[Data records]
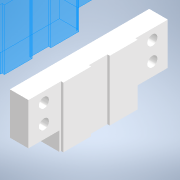
# Autodesk Inventor part: YCarriageBackHolder
Saved by Autodesk Inventor 2020 (Build 240168000, 168)
## iProperties
Created: 2022-04-26
Part Number: YCarriageBackHolder
Material: Tworzywo sztuczne ABS
Document SubType Name: Modeling
Designer: mikoma
Density: 1.06 g/cm^3
Appearance: Gładki — biały
Mass: 37.5008 g
Surface Area: 105.956 cm^2
Volume: 35.3781 cm^3
Author: mikoma
Autodesk Inventor part; units mm, degrees
ref_plane "YZ Plane" through (0, 0, 0) normal (1, 0, 0) x (0, 1, 0)
ref_plane "XZ Plane" through (0, 0, 0) normal (0, 1, 0) x (-1, 0, 0)
ref_plane "XY Plane" through (0, 0, 0) normal (0, 0, 1) x (1, 0, 0)
sketch "Szkic1" plane through (0, 0, 0) normal (0, 1, 0) x (-1, 0, 0)
  line L0 (12, 45) -> (0, 45)
  line L1 (0, 45) -> (0, -45)
  line L2 (0, -45) -> (12, -45)
  line L3 (12, -45) -> (12, 45)
  line L4 (0, 24) -> (-1.5, 24)
  line L5 (-1.5, 24) -> (-1.5, 6)
  line L6 (-1.5, 6) -> (0, 6)
  line L7 (0, 6) -> (0, 24)
  line L8 (0, -6) -> (-1.5, -6)
  line L9 (-1.5, -6) -> (-1.5, -24)
  line L10 (-1.5, -24) -> (0, -24)
  line L11 (0, -24) -> (0, -6)
  point P0 (0, 0)
  point P1 (0, -24)
  point P2 (0, 6)
  dimension "d0" = 90
  dimension "d1" = 12
  dimension "d2" = 45
  dimension "d3" = 21
  dimension "d4" = 18
  dimension "d5" = 1.5
  dimension "d6" = 21
  dimension "d7" = 18
  constraints: 24 end point, 6 parallel, 3 horizontal, 3 perpendicular, 2 point on line, 1 midpoint, 1 vertical alignment
  measures "d0" distance of L2.end L0.start
  measures "d1" distance of L1.end L2.end
  measures "d2" distance from line of L2 point (0, 0)
  measures "d3" distance between parallel lines of L0 L4
  measures "d4" distance between parallel lines of L4 L6
  measures "d5" distance from line of L0.end L5
  measures "d6" distance from line of L2 L9.end
  measures "d7" distance of L8.end L9.end
extrude "Wyciągnięcie proste1" add sketch "Szkic1" along normal blind 39
sketch "Szkic2" plane through (-12, 0, -45) normal (-1, 0, 0) x (0, 0, 1)
  circle A0 centre (10, 32.5) radius 3.25
  circle A1 centre (10, 20.5) radius 3.25
  circle A2 centre (80, 32.5) radius 3.25
  circle A3 centre (80, 20.5) radius 3.25
  line L0 (0, 39) -> (90, 39) projected
  line L1 (0, 0) -> (0, 39) projected
  line L2 (90, 0) -> (90, 39) projected
  line L3 (0, 0) -> (20, 0)
  line L4 (20, 0) -> (20, 12)
  line L5 (20, 12) -> (0, 12)
  line L6 (0, 12) -> (0, 0)
  line L7 (0, 0) -> (90, 0) projected
  line L8 (90, 0) -> (70, 0)
  line L9 (70, 0) -> (70, 12)
  line L10 (70, 12) -> (90, 12)
  line L11 (90, 12) -> (90, 0)
  line L12 (13.0311, 37.75) -> (16.0622, 32.5)
  line L13 (16.0622, 32.5) -> (13.0311, 27.25)
  line L14 (13.0311, 27.25) -> (6.9689, 27.25)
  line L15 (6.9689, 27.25) -> (3.9378, 32.5)
  line L16 (3.9378, 32.5) -> (6.9689, 37.75)
  line L17 (6.9689, 37.75) -> (13.0311, 37.75)
  line L18 (13.0311, 25.75) -> (16.0622, 20.5)
  line L19 (16.0622, 20.5) -> (13.0311, 15.25)
  line L20 (13.0311, 15.25) -> (6.9689, 15.25)
  line L21 (6.9689, 15.25) -> (3.9378, 20.5)
  line L22 (3.9378, 20.5) -> (6.9689, 25.75)
  line L23 (6.9689, 25.75) -> (13.0311, 25.75)
  line L24 (76.9689, 25.75) -> (83.0311, 25.75)
  line L25 (83.0311, 25.75) -> (86.0622, 20.5)
  line L26 (86.0622, 20.5) -> (83.0311, 15.25)
  line L27 (83.0311, 15.25) -> (76.9689, 15.25)
  line L28 (76.9689, 15.25) -> (73.9378, 20.5)
  line L29 (73.9378, 20.5) -> (76.9689, 25.75)
  line L30 (76.9689, 37.75) -> (83.0311, 37.75)
  line L31 (83.0311, 37.75) -> (86.0622, 32.5)
  line L32 (86.0622, 32.5) -> (83.0311, 27.25)
  line L33 (83.0311, 27.25) -> (76.9689, 27.25)
  line L34 (76.9689, 27.25) -> (73.9378, 32.5)
  line L35 (73.9378, 32.5) -> (76.9689, 37.75)
  point P0 (45, 0)
  point P1 (0, 12)
  dimension "d10" = 6.5
  dimension "d11" = 6.5
  dimension "d12" = 10
  dimension "d13" = 12
  dimension "d14" = 10
  dimension "d15" = 20
  dimension "d16" = 12
  dimension "d17" = 20
  dimension "d18" = 10.5
  dimension "d19" = 10.5
  dimension "d20" = 10.5
  dimension "d21" = 10.5
  constraints: 64 end point, 6 horizontal, 4 centre point, 4 coincident, 4 parallel, 3 equal radius, 3 horizontal alignment, 2 perpendicular, 2 vertical alignment, 52 other
  measures "d10" diameter of A0
  measures "d11" distance from line of L0 A0.centre
  measures "d12" distance from line of L1 A0.centre
  measures "d13" distance of A1.centre A0.centre
  measures "d14" distance from line of L2 A2.centre
  measures "d15" distance of L1.start L3.end
  measures "d16" distance of L3.end L4.end
  measures "d17" distance of L9.end L10.end
  measures "d18" distance between parallel lines of L14 L17
  measures "d19" distance between parallel lines of L20 L23
  measures "d20" distance between parallel lines of L33 L30
  measures "d21" distance between parallel lines of L27 L24
extrude "Wyciągnięcie proste2" cut sketch "Szkic2" against normal through all contours A0 | A1 | A2 | A3 | L5 L4 L3 L1 | L2 L7 L9 L10
extrude "Wyciągnięcie proste3" cut sketch "Szkic2" against normal blind 6 contours A0 | A1 | A2 | A3 | L12 L13 L14 L15 L16 L17 | L18 L19 L20 L21 L22 L23 | L24 L25 L26 L27 L28 L29 | L30 L31 L32 L33 L34 L35
equation "\"d14\" = d12"
equation "\"d19\" = d18"
equation "\"d20\" = d18"
equation "\"d21\" = d18"

■ EXERCISE AIM
Copy out, in full, each line above that has the word "alignment" in it.

■ OUTPUT OF THE EXERCISE
  constraints: 24 end point, 6 parallel, 3 horizontal, 3 perpendicular, 2 point on line, 1 midpoint, 1 vertical alignment
  constraints: 64 end point, 6 horizontal, 4 centre point, 4 coincident, 4 parallel, 3 equal radius, 3 horizontal alignment, 2 perpendicular, 2 vertical alignment, 52 other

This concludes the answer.